In this environment, it’s good to know there are a couple funds out there that can squeeze solid income from a low-income world, writes Benjamin Shepherd of Global ETF Profits.
On August 9, the Federal Open Market Committee (FOMC) moved to quell market fears. In response to Standard & Poor’s downgrade of US credit and a growing debt crisis in Europe, the FOMC announced that the Federal Funds rate would likely remained at “exceptionally low levels” though mid-2012, if not longer.
Although the announcement helped stabilize equity markets, Treasury yields have compressed, and the yield curve is now about the flattest it’s been since the 2008 financial crisis.
The move has left income investors between a rock and a hard place. Yield has been elusive during the past few years, and the Fed’s announcement will only make the situation more difficult for income-seeking investors. Thankfully, several exchange traded funds can meet their needs.
Master limited partnerships (MLP) offer attractive yields, and have become extremely popular with investors. The majority of the cash flows that MLPs generate are passed on to investors in the form of quarterly distributions.
These quarterly distributions include a portion that’s known as “return of capital,” a payment that reduces your cost basis, and isn’t taxed until you sell your investment.
Many MLPs own attractive, fee-generating assets in the pipeline business. Not only are these MLPs an excellent play on growing demand for energy, they’re cushioned from volatile commodity prices.
JP Morgan Alerian MLP Index ETN (AMJ)
An exchange traded note (ETN), AMJ tracks the Alerian MLP Index, a capitalization-weighted index comprising the 50 largest publicly traded energy MLPs.
The ETN is broadly diversified across the investable MLP universe, and its ETN structure allows it to track the index almost tick-for-tick with very little tracking error. JP Morgan Alerian MLP Index ETN sports a reasonable annual expense ratio of 0.85% and a huge 5.1% yield paid out quarterly.
Owning an MLP via an exchange-traded product doesn’t convey any particular tax advantage to fund holders. But MLPs pay low corporate taxes, which allows investors to enjoy higher yields.
SPDR S&P Dividend (SDY)
SDY is another attractive option in a low-yield environment. The fund tracks the S&P High Yield Dividend Aristocrats Index, which screens the S&P 1500 Index for companies that have increased dividends in each of the past 25 years.
The index then tracks the 50 highest yielders on a yield-weighted basis. Additionally, the maximum weighting for any individual holding is capped at 4%.
The index’s methodology results in holdings that are of a much higher quality than traditional high-yield offerings. After all, only rock-solid companies have been able to consistently grow dividends for the past quarter century. The fund’s holdings include companies such as Pitney Bowes (PBI), Consolidated Edison (ED), Kimberly-Clark Corp (KMB) and Clorox (CLX).

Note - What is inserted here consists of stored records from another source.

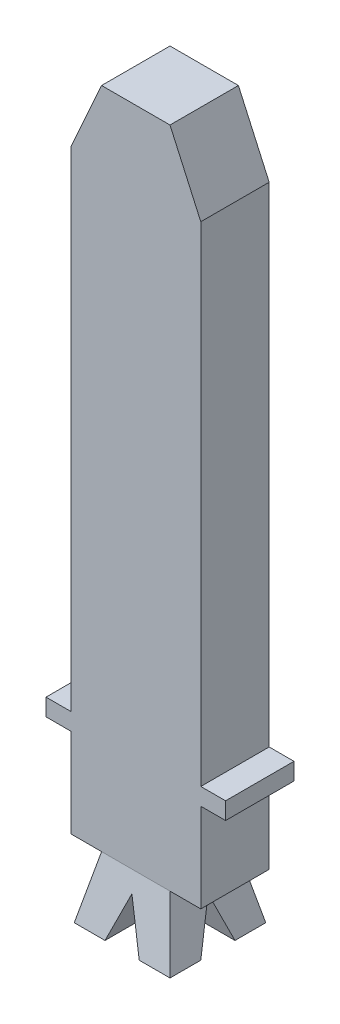
ISO-10303-21;
HEADER;
FILE_DESCRIPTION(('STEP AP214'),'2;1');
FILE_NAME('part.step','',(''),(''),'','','');
FILE_SCHEMA(('AUTOMOTIVE_DESIGN { 1 0 10303 214 1 1 1 1 }'));
ENDSEC;
DATA;
#1=APPLICATION_CONTEXT('core data for automotive mechanical design processes');
#2=APPLICATION_PROTOCOL_DEFINITION('international standard','automotive_design',2000,#1);
#3=PRODUCT_CONTEXT('',#1,'mechanical');
#4=PRODUCT('Part','Part','',(#3));
#5=PRODUCT_RELATED_PRODUCT_CATEGORY('part','',(#4));
#6=PRODUCT_DEFINITION_FORMATION('','',#4);
#7=PRODUCT_DEFINITION_CONTEXT('part definition',#1,'design');
#8=PRODUCT_DEFINITION('design','',#6,#7);
#9=PRODUCT_DEFINITION_SHAPE('','',#8);
#10=(LENGTH_UNIT() NAMED_UNIT(*) SI_UNIT(.MILLI.,.METRE.));
#11=(NAMED_UNIT(*) PLANE_ANGLE_UNIT() SI_UNIT($,.RADIAN.));
#12=(NAMED_UNIT(*) SI_UNIT($,.STERADIAN.) SOLID_ANGLE_UNIT());
#13=UNCERTAINTY_MEASURE_WITH_UNIT(LENGTH_MEASURE(1.E-05),#10,'distance_accuracy_value','');
#14=(GEOMETRIC_REPRESENTATION_CONTEXT(3) GLOBAL_UNCERTAINTY_ASSIGNED_CONTEXT((#13)) GLOBAL_UNIT_ASSIGNED_CONTEXT((#10,
#11,#12)) REPRESENTATION_CONTEXT('',''));
#15=CARTESIAN_POINT('',(0.,0.,0.));
#16=DIRECTION('',(0.,0.,1.));
#17=DIRECTION('',(1.,0.,0.));
#18=AXIS2_PLACEMENT_3D('',#15,#16,#17);
#19=CARTESIAN_POINT('',(0.,-4.9,0.));
#20=DIRECTION('',(0.,-1.,0.));
#21=DIRECTION('',(0.,0.,-1.));
#22=AXIS2_PLACEMENT_3D('',#19,#20,#21);
#23=PLANE('',#22);
#24=DIRECTION('',(-1.,0.,0.));
#25=VECTOR('',#24,1.);
#26=CARTESIAN_POINT('',(2.625,-4.9,1.5));
#27=LINE('',#26,#25);
#28=CARTESIAN_POINT('',(1.4,-4.9,1.5));
#29=VERTEX_POINT('',#28);
#30=CARTESIAN_POINT('',(0.5,-4.9,1.5));
#31=VERTEX_POINT('',#30);
#32=EDGE_CURVE('E480',#29,#31,#27,.T.);
#33=ORIENTED_EDGE('',*,*,#32,.F.);
#34=DIRECTION('',(0.,0.,1.));
#35=VECTOR('',#34,1.);
#36=CARTESIAN_POINT('',(1.4,-4.9,-0.4));
#37=LINE('',#36,#35);
#38=CARTESIAN_POINT('',(1.4,-4.9,2.4));
#39=VERTEX_POINT('',#38);
#40=EDGE_CURVE('E182',#29,#39,#37,.T.);
#41=ORIENTED_EDGE('',*,*,#40,.T.);
#42=DIRECTION('',(-1.,0.,0.));
#43=VECTOR('',#42,1.);
#44=CARTESIAN_POINT('',(1.4,-4.9,2.4));
#45=LINE('',#44,#43);
#46=CARTESIAN_POINT('',(0.500000000000001,-4.9,2.4));
#47=VERTEX_POINT('',#46);
#48=EDGE_CURVE('E357',#39,#47,#45,.T.);
#49=ORIENTED_EDGE('',*,*,#48,.T.);
#50=DIRECTION('',(0.,0.,1.));
#51=VECTOR('',#50,1.);
#52=CARTESIAN_POINT('',(0.500000000000001,-4.9,-0.4001));
#53=LINE('',#52,#51);
#54=EDGE_CURVE('E328',#31,#47,#53,.T.);
#55=ORIENTED_EDGE('',*,*,#54,.F.);
#56=EDGE_LOOP('',(#33,#41,#49,#55));
#57=FACE_BOUND('',#56,.T.);
#58=ADVANCED_FACE('F54',(#57),#23,.T.);
#59=CARTESIAN_POINT('',(-0.499999999999999,-4.9,1.5));
#60=VERTEX_POINT('',#59);
#61=CARTESIAN_POINT('',(-1.4,-4.9,1.5));
#62=VERTEX_POINT('',#61);
#63=EDGE_CURVE('E161',#60,#62,#27,.T.);
#64=ORIENTED_EDGE('',*,*,#63,.F.);
#65=DIRECTION('',(0.,0.,1.));
#66=VECTOR('',#65,1.);
#67=CARTESIAN_POINT('',(-0.499999999999999,-4.9,-0.4001));
#68=LINE('',#67,#66);
#69=CARTESIAN_POINT('',(-0.499999999999999,-4.9,2.4));
#70=VERTEX_POINT('',#69);
#71=EDGE_CURVE('E361',#60,#70,#68,.T.);
#72=ORIENTED_EDGE('',*,*,#71,.T.);
#73=CARTESIAN_POINT('',(-1.4,-4.9,2.4));
#74=VERTEX_POINT('',#73);
#75=EDGE_CURVE('E181',#70,#74,#45,.T.);
#76=ORIENTED_EDGE('',*,*,#75,.T.);
#77=DIRECTION('',(0.,0.,-1.));
#78=VECTOR('',#77,1.);
#79=CARTESIAN_POINT('',(-1.4,-4.9,-0.4));
#80=LINE('',#79,#78);
#81=EDGE_CURVE('E391',#74,#62,#80,.T.);
#82=ORIENTED_EDGE('',*,*,#81,.T.);
#83=EDGE_LOOP('',(#64,#72,#76,#82));
#84=FACE_BOUND('',#83,.T.);
#85=ADVANCED_FACE('F520',(#84),#23,.T.);
#86=CARTESIAN_POINT('',(0.500000000000001,-4.9,-0.4001));
#87=DIRECTION('',(0.932267960991806,0.361768501818747,0.));
#88=DIRECTION('',(-0.361768501818747,0.932267960991806,0.));
#89=AXIS2_PLACEMENT_3D('',#86,#87,#88);
#90=PLANE('',#89);
#91=DIRECTION('',(0.,0.,1.));
#92=VECTOR('',#91,1.);
#93=CARTESIAN_POINT('',(0.,-3.61151308598601,-0.4001));
#94=LINE('',#93,#92);
#95=CARTESIAN_POINT('',(0.,-3.611513085986,0.999999999999999));
#96=VERTEX_POINT('',#95);
#97=CARTESIAN_POINT('',(0.,-3.611513085986,2.11366957466356));
#98=VERTEX_POINT('',#97);
#99=EDGE_CURVE('E474',#96,#98,#94,.T.);
#100=ORIENTED_EDGE('',*,*,#99,.F.);
#101=DIRECTION('',(0.340191275432694,-0.876664013313512,0.340191275432694));
#102=VECTOR('',#101,1.);
#103=CARTESIAN_POINT('',(0.280101229616619,-4.33332662390649,1.28010122961662));
#104=LINE('',#103,#102);
#105=EDGE_CURVE('E173',#96,#31,#104,.T.);
#106=ORIENTED_EDGE('',*,*,#105,.T.);
#107=ORIENTED_EDGE('',*,*,#54,.T.);
#108=DIRECTION('',(0.354246297399246,-0.912883437073675,0.202862986016372));
#109=VECTOR('',#108,1.);
#110=CARTESIAN_POINT('',(-1.3198068575803,-0.210405355949719,1.35786785687772));
#111=LINE('',#110,#109);
#112=EDGE_CURVE('E321',#98,#47,#111,.T.);
#113=ORIENTED_EDGE('',*,*,#112,.F.);
#114=EDGE_LOOP('',(#100,#106,#107,#113));
#115=FACE_BOUND('',#114,.T.);
#116=ADVANCED_FACE('F477',(#115),#90,.F.);
#117=CARTESIAN_POINT('',(0.,-3.61151308598601,-0.4001));
#118=DIRECTION('',(-0.932267960991806,0.361768501818746,0.));
#119=DIRECTION('',(-0.361768501818746,-0.932267960991806,0.));
#120=AXIS2_PLACEMENT_3D('',#117,#118,#119);
#121=PLANE('',#120);
#122=ORIENTED_EDGE('',*,*,#71,.F.);
#123=DIRECTION('',(0.340191275432693,0.876664013313513,-0.340191275432694));
#124=VECTOR('',#123,1.);
#125=CARTESIAN_POINT('',(0.16203371844312,-3.19395643430003,0.837966281556879));
#126=LINE('',#125,#124);
#127=EDGE_CURVE('E13',#60,#96,#126,.T.);
#128=ORIENTED_EDGE('',*,*,#127,.T.);
#129=ORIENTED_EDGE('',*,*,#99,.T.);
#130=DIRECTION('',(0.354246297399245,0.912883437073675,-0.202862986016372));
#131=VECTOR('',#130,1.);
#132=CARTESIAN_POINT('',(1.3198068575803,-0.210405355949717,1.35786785687771));
#133=LINE('',#132,#131);
#134=EDGE_CURVE('E324',#70,#98,#133,.T.);
#135=ORIENTED_EDGE('',*,*,#134,.F.);
#136=EDGE_LOOP('',(#122,#128,#129,#135));
#137=FACE_BOUND('',#136,.T.);
#138=ADVANCED_FACE('F472',(#137),#121,.F.);
#139=DIRECTION('',(-1.,0.,0.));
#140=VECTOR('',#139,1.);
#141=CARTESIAN_POINT('',(2.625,-4.9,0.499999999999999));
#142=LINE('',#141,#140);
#143=CARTESIAN_POINT('',(1.4,-4.9,0.499999999999999));
#144=VERTEX_POINT('',#143);
#145=CARTESIAN_POINT('',(0.5,-4.9,0.499999999999999));
#146=VERTEX_POINT('',#145);
#147=EDGE_CURVE('E150',#144,#146,#142,.T.);
#148=ORIENTED_EDGE('',*,*,#147,.T.);
#149=CARTESIAN_POINT('',(0.500000000000001,-4.9,-0.4));
#150=VERTEX_POINT('',#149);
#151=EDGE_CURVE('E325',#150,#146,#53,.T.);
#152=ORIENTED_EDGE('',*,*,#151,.F.);
#153=DIRECTION('',(1.,0.,0.));
#154=VECTOR('',#153,1.);
#155=CARTESIAN_POINT('',(1.4,-4.9,-0.4));
#156=LINE('',#155,#154);
#157=CARTESIAN_POINT('',(1.4,-4.9,-0.4));
#158=VERTEX_POINT('',#157);
#159=EDGE_CURVE('E179',#150,#158,#156,.T.);
#160=ORIENTED_EDGE('',*,*,#159,.T.);
#161=EDGE_CURVE('E169',#158,#144,#37,.T.);
#162=ORIENTED_EDGE('',*,*,#161,.T.);
#163=EDGE_LOOP('',(#148,#152,#160,#162));
#164=FACE_BOUND('',#163,.T.);
#165=ADVANCED_FACE('F177',(#164),#23,.T.);
#166=CARTESIAN_POINT('',(-0.499999999999999,-4.9,0.499999999999999));
#167=VERTEX_POINT('',#166);
#168=CARTESIAN_POINT('',(-1.4,-4.9,0.499999999999999));
#169=VERTEX_POINT('',#168);
#170=EDGE_CURVE('E73',#167,#169,#142,.T.);
#171=ORIENTED_EDGE('',*,*,#170,.T.);
#172=CARTESIAN_POINT('',(-1.4,-4.9,-0.4));
#173=VERTEX_POINT('',#172);
#174=EDGE_CURVE('E59',#169,#173,#80,.T.);
#175=ORIENTED_EDGE('',*,*,#174,.T.);
#176=CARTESIAN_POINT('',(-0.499999999999999,-4.9,-0.4));
#177=VERTEX_POINT('',#176);
#178=EDGE_CURVE('E251',#173,#177,#156,.T.);
#179=ORIENTED_EDGE('',*,*,#178,.T.);
#180=EDGE_CURVE('E80',#177,#167,#68,.T.);
#181=ORIENTED_EDGE('',*,*,#180,.T.);
#182=EDGE_LOOP('',(#171,#175,#179,#181));
#183=FACE_BOUND('',#182,.T.);
#184=ADVANCED_FACE('F56',(#183),#23,.T.);
#185=CARTESIAN_POINT('',(0.,-3.1,0.));
#186=DIRECTION('',(0.,-1.,0.));
#187=DIRECTION('',(0.,0.,-1.));
#188=AXIS2_PLACEMENT_3D('',#185,#186,#187);
#189=PLANE('',#188);
#190=DIRECTION('',(0.,0.,-1.));
#191=VECTOR('',#190,1.);
#192=CARTESIAN_POINT('',(-1.,-3.1,2.));
#193=LINE('',#192,#191);
#194=CARTESIAN_POINT('',(-1.,-3.1,2.));
#195=VERTEX_POINT('',#194);
#196=CARTESIAN_POINT('',(-1.,-3.1,0.));
#197=VERTEX_POINT('',#196);
#198=EDGE_CURVE('E299',#195,#197,#193,.T.);
#199=ORIENTED_EDGE('',*,*,#198,.F.);
#200=DIRECTION('',(-1.,0.,0.));
#201=VECTOR('',#200,1.);
#202=CARTESIAN_POINT('',(-1.,-3.1,2.));
#203=LINE('',#202,#201);
#204=CARTESIAN_POINT('',(1.,-3.1,2.));
#205=VERTEX_POINT('',#204);
#206=EDGE_CURVE('E304',#205,#195,#203,.T.);
#207=ORIENTED_EDGE('',*,*,#206,.F.);
#208=DIRECTION('',(0.,0.,1.));
#209=VECTOR('',#208,1.);
#210=CARTESIAN_POINT('',(1.,-3.1,2.));
#211=LINE('',#210,#209);
#212=CARTESIAN_POINT('',(1.,-3.1,0.));
#213=VERTEX_POINT('',#212);
#214=EDGE_CURVE('E407',#213,#205,#211,.T.);
#215=ORIENTED_EDGE('',*,*,#214,.F.);
#216=DIRECTION('',(1.,0.,0.));
#217=VECTOR('',#216,1.);
#218=CARTESIAN_POINT('',(-1.,-3.1,0.));
#219=LINE('',#218,#217);
#220=EDGE_CURVE('E439',#197,#213,#219,.T.);
#221=ORIENTED_EDGE('',*,*,#220,.F.);
#222=EDGE_LOOP('',(#199,#207,#215,#221));
#223=FACE_BOUND('',#222,.T.);
#224=ADVANCED_FACE('F417',(#223),#189,.F.);
#225=CARTESIAN_POINT('',(0.,0.277647058823529,1.24941176470588));
#226=DIRECTION('',(0.,-0.216930457818656,-0.976187060183953));
#227=DIRECTION('',(0.,0.976187060183953,-0.216930457818656));
#228=AXIS2_PLACEMENT_3D('',#225,#226,#227);
#229=PLANE('',#228);
#230=ORIENTED_EDGE('',*,*,#134,.T.);
#231=ORIENTED_EDGE('',*,*,#112,.T.);
#232=ORIENTED_EDGE('',*,*,#48,.F.);
#233=DIRECTION('',(0.211999576001272,-0.953998092005724,0.211999576001272));
#234=VECTOR('',#233,1.);
#235=CARTESIAN_POINT('',(1.,-3.1,2.));
#236=LINE('',#235,#234);
#237=EDGE_CURVE('E281',#205,#39,#236,.T.);
#238=ORIENTED_EDGE('',*,*,#237,.F.);
#239=ORIENTED_EDGE('',*,*,#206,.T.);
#240=DIRECTION('',(-0.211999576001272,-0.953998092005724,0.211999576001272));
#241=VECTOR('',#240,1.);
#242=CARTESIAN_POINT('',(-1.,-3.1,2.));
#243=LINE('',#242,#241);
#244=EDGE_CURVE('E285',#195,#74,#243,.T.);
#245=ORIENTED_EDGE('',*,*,#244,.T.);
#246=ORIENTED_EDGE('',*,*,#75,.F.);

SPDR S&P Dividend’s expenses are low at 0.35%, and the fund yields 3.3%.
The yields on both funds are attractive for now. But I expect these yields to drift downward in the coming months.
The Fed has given investors clarity on its plans to maintain the current low rate environment. This means that bonds will remain out of favor relative to riskier equities, a situation that will drive down yields.